One of my favorite movies growing up was Disney Channel’s Smart House. Pat, the Smart House AI, could play the best music, make you a better dancer, and even kick out the bully when he started causing trouble at the party she organized for the kids without them even asking!
Today’s voice activated “assistants” like Siri, Cortana, and Alexa have been on the market for years now, but still seem to fall short of capturing the imagination like the voice-activated assistants inhabiting cultural masterpieces like Smart House and 2001: A Space Odyssey. Serving more as voice-controlled UI translators, today’s assistants match trigger words and phrases to fairly specific actions. Sometimes machine learning helps make these queries more flexible, but in the end we’re still asking a device to complete an action.
This call and response behavior has kept me wondering when these services could truly be considered assistants. As a designer, I’m thrilled by the future possibilities of asynchronous assistant workflows. Imagine being able to ask Google to actively monitor flights and prompt you only when needed to confirm the selected ticket. We have conversation bots and UIs, proactive discovery engines like Google Now, and vast knowledge graphs, but the promise of a true digital assistant still eludes us.
To me, a digital assistant must be able to meet four criteria before it can be considered more than a conversational user interface. Pat form Smart House met all of these. In 1999.
Support conversational and sequential requests
When I speak with my assistant, it should continue to listen and respond in appropriate circumstances. With Google Assistant, I should be able to reply naturally, rather than having to prepend the wake phrase of “OK, Google” with every subsequent request. Additionally an assistant should be able to understand and respond a string of requests like “Turn on the TV, dim the lights, and play The OA”.

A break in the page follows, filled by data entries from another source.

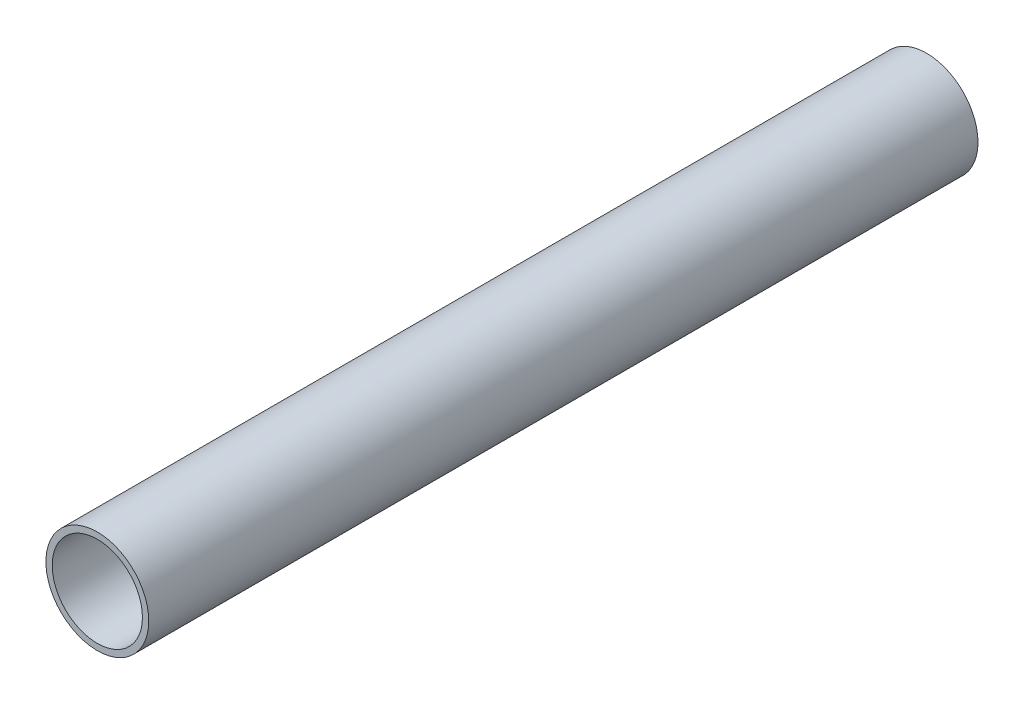
SolidWorks part; units mm, degrees
material "Corrugated Paper"
ref_plane "Front Plane" through (0, 0, 0) normal (0, 0, 1) x (1, 0, 0)
ref_plane "Top Plane" through (0, 0, 0) normal (0, 1, 0) x (1, 0, 0)
ref_plane "Right Plane" through (0, 0, 0) normal (1, 0, 0) x (0, 0, -1)
sketch "Sketch1" plane through (0, 0, 0) normal (0, 0, 1) x (1, 0, 0)
  circle A0 centre (0, 0) radius 2.72
  circle A1 centre (0, 0) radius 3.1
  dimension "D1" = 5.44
  dimension "D2" = 6.2
extrude "Boss-Extrude1" add sketch "Sketch1" along normal mid plane 50
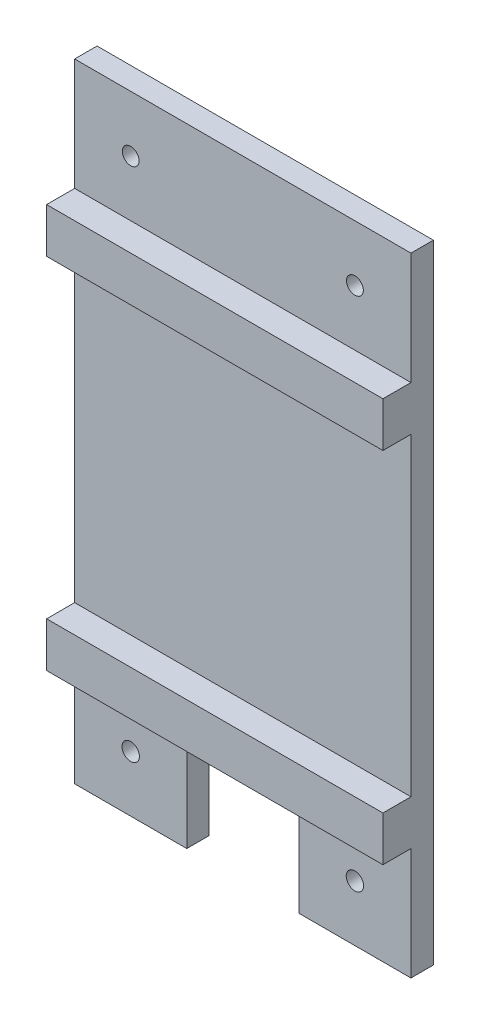
SolidWorks part; units mm, degrees
ref_plane "Alzado" through (0, 0, 0) normal (0, 0, 1) x (1, 0, 0)
ref_plane "Planta" through (0, 0, 0) normal (0, 1, 0) x (1, 0, 0)
ref_plane "Vista lateral" through (0, 0, 0) normal (1, 0, 0) x (0, 0, -1)
sketch "Croquis1" plane through (0, 0, 0) normal (0, 0, 1) x (1, 0, 0)
  line L0 (-30, -56) -> (-10, -56)
  line L1 (-30, -56) -> (-10, -56)
  line L2 (-30, -56) -> (-30, 56)
  line L3 (-30, 56) -> (30, 56)
  line L4 (30, -56) -> (30, 56)
  line L5 (-30, -56) -> (30, 56) construction
  line L6 (-30, 56) -> (30, -56) construction
  line L7 (-10, -56) -> (-10, -36)
  line L8 (-10, -36) -> (10, -36)
  line L9 (10, -36) -> (10, -56)
  line L10 (10, -56) -> (30, -56)
  line L11 (10, -56) -> (30, -56)
  point P0 (0, 0)
  dimension "D1" = 60
  dimension "D2" = 112
  dimension "D3" = 20
  dimension "D4" = 20
  dimension "D5" = 20
extrude "Saliente-Extruir1" add sketch "Croquis1" along normal blind 4 contours L9 L10 L4 L3 L2 L0 L7 L8
sketch "Croquis2" plane through (0, 0, 4) normal (0, 0, 1) x (1, 0, 0)
  line L0 (-30, -36) -> (30, -36)
  line L2 (30, -56) -> (30, 56) construction
  line L3 (30, -36) -> (30, -28)
  line L4 (30, -28) -> (-30, -28)
  line L5 (-30, -56) -> (-30, 56) construction
  line L6 (-30, -28) -> (-30, -36)
  line L7 (30, -28) -> (30, 28)
  line L8 (30, 28) -> (-30, 28)
  line L9 (-30, 28) -> (-30, 36)
  line L10 (-30, 36) -> (30, 36)
  line L11 (30, 36) -> (30, 28)
  point P3 (0, -36)
  line M6 (30, -56) -> (30, 56)
  line M8 (-30, 56) -> (-30, -56)
  dimension "D1" = 8
  dimension "D2" = 56
  dimension "D3" = 8
extrude "Saliente-Extruir2" add sketch "Croquis2" along normal blind 5 contours L10 L8 M8 M6 | L4 L6 L0 L3
sketch "Croquis3" plane through (0, 0, 4) normal (0, 0, 1) x (1, 0, 0)
  line L0 (-20, -56) -> (-20, -36) construction
  line L1 (-30, -56) -> (-10, -56) construction
  line L2 (-30, -36) -> (-10, -36) construction
  line L3 (20, -56) -> (20, -36) construction
  line L4 (10, -56) -> (30, -56) construction
  line L5 (10, -36) -> (30, -36) construction
  line L6 (20, 36) -> (20, 56) construction
  line L7 (-30, 56) -> (30, 56) construction
  line L8 (30, 36) -> (-30, 36) construction
  line L9 (-20, 36) -> (-20, 56) construction
  circle A0 centre (-20, -46) radius 1.55
  circle A1 centre (20, -46) radius 1.55
  circle A2 centre (-20, 46) radius 1.5
  circle A3 centre (20, 46) radius 1.5
  dimension "D1" = 3.1
  dimension "D2" = 3
  dimension "D3" = 3
extrude "Cortar-Extruir1" cut sketch "Croquis3" against normal through all

Be consistent across surfaces
A digital assistant should be consistent across all of the surfaces from which a user can access it. It should be aware of the data and functions available from a phone, a speaker, a computer, car, etc. and be able to route your request accordingly. If I ask to text my mom from my computer, it should be able to send it from my phone, no questions asked. At a minimum, the assistant should support graceful degradation and ask if I want to complete the task on another device.
Provide asynchronous queries and autonomous resolutions
Assistants should be able to receive complicated, non-immediate requests and work on them in the background while continuing to respond in the present. A great example of this is offline scheduling, which a number of startups like Clara Labs have started to offer. My assistant could speak with you or your assistant and notify me when we have a meeting scheduled or some options available.
Finally, the assistant should be able to proactively offer insight when needed. This could be alerting me to the resolution of an asynchronous request, or something even more proactive like noticing that I’m about to leave for work and autonomously alerting me to an accident on the way.
Individually most of this functionality is already out there, but the major digital assistants are unable to meet all four criteria. The building blocks are already in place, with asynchronous and proactive tasks still out of most of our reach. Asynchronous and proactive tasks provide incredibly complex challenges for designers and engineers, but as with scheduling we’re already starting to see the potential. By improving on the first two criteria of a digital assistant, we can at least start to make Alexa, Cortana, Siri, and Google behave more like us, like a human assistant, so that they can eventually become a more natural extension of our technology and our homes – just like Pat.